ROMERO Fernando Matias
congresos y reuniones científicas
MODULATION OF STOMATAL APERTURE BY BENEFICIAL ENDOPHYTIC BACTERIA
COPPOLA-GUERREIRO F; STELLA G; ROMERO FM; TOUM L; SANNAZZARO A; ESTRELLA MJ; GUDESBLAT GE; PIECKENSTAIN FL
Workshop; III Latin American PGPR Workshop; 2016
Plant leaves normally host a large number of species of endophytic bacteria. Some of them can protect host plants from pathogens, and foliar inoculation of beneficial bacteria is a common practice in agriculture. It has been proposed that beneficial leaf endophytic bacteria colonize leaves through stomata, but stomata can close in response to bacterial MAMPs thus limiting bacterial penetration through them, a phenomenon known as stomatal immunity. Phytopathogenic bacteria such as Pseudomonas syringae and Xanthomonas campestris have evolved mechanisms to inhibit stomatal immunity through the synthesis of diffusible toxins, or through degradation of their own MAMPs. However, the possible existence of such mechanisms in non-pathogenic, leaf-associated bacteria has not been studied.
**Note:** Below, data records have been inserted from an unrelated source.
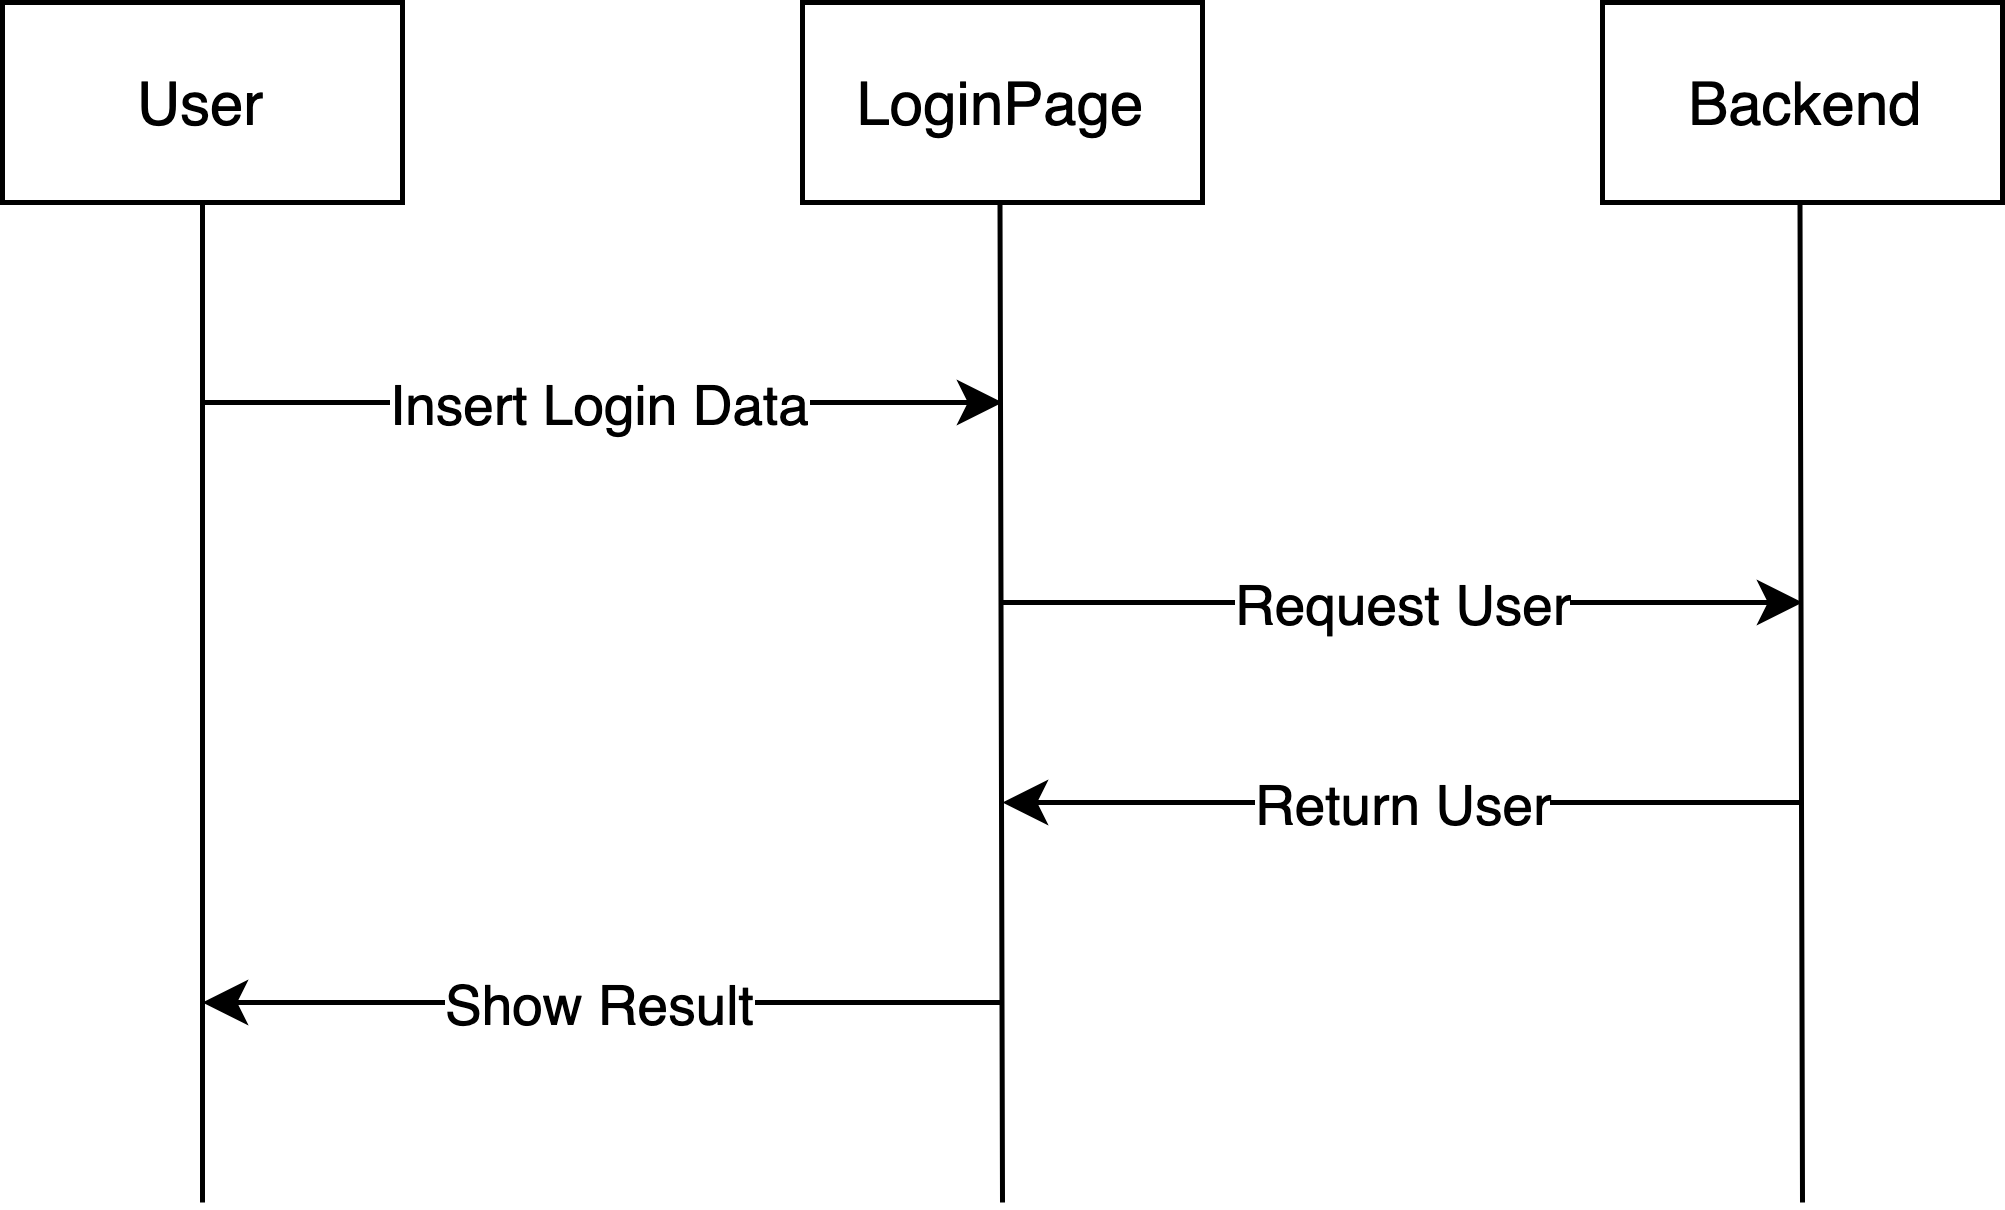

The diagram above was exported from draw.io. Its source (the exported page's mxGraphModel, read from the mxfile embedded in the PNG):
<mxGraphModel dx="772" dy="451" grid="1" gridSize="10" guides="1" tooltips="1" connect="1" arrows="1" fold="1" page="1" pageScale="1" pageWidth="827" pageHeight="1169" math="0" shadow="0">
  <root>
    <mxCell id="0" />
    <mxCell id="1" parent="0" />
    <mxCell id="NDXZfwZCI0YUX4Eq1dn--1" value="User" style="rounded=0;whiteSpace=wrap;html=1;" vertex="1" parent="1">
      <mxGeometry x="240" y="80" width="80" height="40" as="geometry" />
    </mxCell>
    <mxCell id="NDXZfwZCI0YUX4Eq1dn--2" value="LoginPage" style="rounded=0;whiteSpace=wrap;html=1;" vertex="1" parent="1">
      <mxGeometry x="400" y="80" width="80" height="40" as="geometry" />
    </mxCell>
    <mxCell id="NDXZfwZCI0YUX4Eq1dn--3" value="Backend" style="rounded=0;whiteSpace=wrap;html=1;" vertex="1" parent="1">
      <mxGeometry x="560" y="80" width="80" height="40" as="geometry" />
    </mxCell>
    <mxCell id="NDXZfwZCI0YUX4Eq1dn--4" value="" style="endArrow=none;html=1;entryX=0.5;entryY=1;entryDx=0;entryDy=0;" edge="1" parent="1" target="NDXZfwZCI0YUX4Eq1dn--1">
      <mxGeometry width="50" height="50" relative="1" as="geometry">
        <mxPoint x="280" y="320" as="sourcePoint" />
        <mxPoint x="290" y="140" as="targetPoint" />
      </mxGeometry>
    </mxCell>
    <mxCell id="NDXZfwZCI0YUX4Eq1dn--5" value="" style="endArrow=none;html=1;entryX=0.5;entryY=1;entryDx=0;entryDy=0;" edge="1" parent="1">
      <mxGeometry width="50" height="50" relative="1" as="geometry">
        <mxPoint x="440" y="320" as="sourcePoint" />
        <mxPoint x="439.5" y="120" as="targetPoint" />
      </mxGeometry>
    </mxCell>
    <mxCell id="NDXZfwZCI0YUX4Eq1dn--6" value="" style="endArrow=none;html=1;entryX=0.5;entryY=1;entryDx=0;entryDy=0;" edge="1" parent="1">
      <mxGeometry width="50" height="50" relative="1" as="geometry">
        <mxPoint x="600" y="320" as="sourcePoint" />
        <mxPoint x="599.5" y="120" as="targetPoint" />
      </mxGeometry>
    </mxCell>
    <mxCell id="NDXZfwZCI0YUX4Eq1dn--7" value="Insert Login Data" style="endArrow=classic;html=1;" edge="1" parent="1">
      <mxGeometry width="50" height="50" relative="1" as="geometry">
        <mxPoint x="280" y="160" as="sourcePoint" />
        <mxPoint x="440" y="160" as="targetPoint" />
      </mxGeometry>
    </mxCell>
    <mxCell id="NDXZfwZCI0YUX4Eq1dn--8" value="Request User" style="endArrow=classic;html=1;" edge="1" parent="1">
      <mxGeometry width="50" height="50" relative="1" as="geometry">
        <mxPoint x="440" y="200" as="sourcePoint" />
        <mxPoint x="600" y="200" as="targetPoint" />
      </mxGeometry>
    </mxCell>
    <mxCell id="NDXZfwZCI0YUX4Eq1dn--9" value="Return User" style="endArrow=classic;html=1;" edge="1" parent="1">
      <mxGeometry width="50" height="50" relative="1" as="geometry">
        <mxPoint x="600" y="240" as="sourcePoint" />
        <mxPoint x="440" y="240" as="targetPoint" />
      </mxGeometry>
    </mxCell>
    <mxCell id="NDXZfwZCI0YUX4Eq1dn--10" value="Show Result" style="endArrow=classic;html=1;" edge="1" parent="1">
      <mxGeometry width="50" height="50" relative="1" as="geometry">
        <mxPoint x="440" y="280" as="sourcePoint" />
        <mxPoint x="280" y="280" as="targetPoint" />
      </mxGeometry>
    </mxCell>
  </root>
</mxGraphModel>

On this basis, our goals are: 1) To determine if bacteria isolated from leaves which are capable of conferring protection against pathogens are able to inhibit stomatal immunity, and if such inhibition aids them to colonize leaves through stomatal pores. 2) To determine if the protective effect of certain bacteria against foliar pathogens depends on the ability of the former to access and colonize leaves through stomata.To attain these goals, we obtained a collection of bacteria associated to leaves of horticultural crops. We identified both innocuous and beneficial bacteria that either showed reduced promotion of stomatal closure, or induced stomatal re-aperture after initial closing in tomato, Arabidopsis and broad bean. We observed that cell-free culture filtrates from some of these isolates inhibited stomatal closure triggered by abscisic acid or the flagellin-derived peptide flg22. These results suggest that these bacteria are able either to evade or inhibit stomatal immunity. Some of these isolates were also capable of protecting leaves against gray mold caused by the fungus Botrytis cinerea. Current work is in progress to determine if the ability to manipulate stomatal aperture increases bacterial potential for endophytic colonization and protection against this and other pathogens.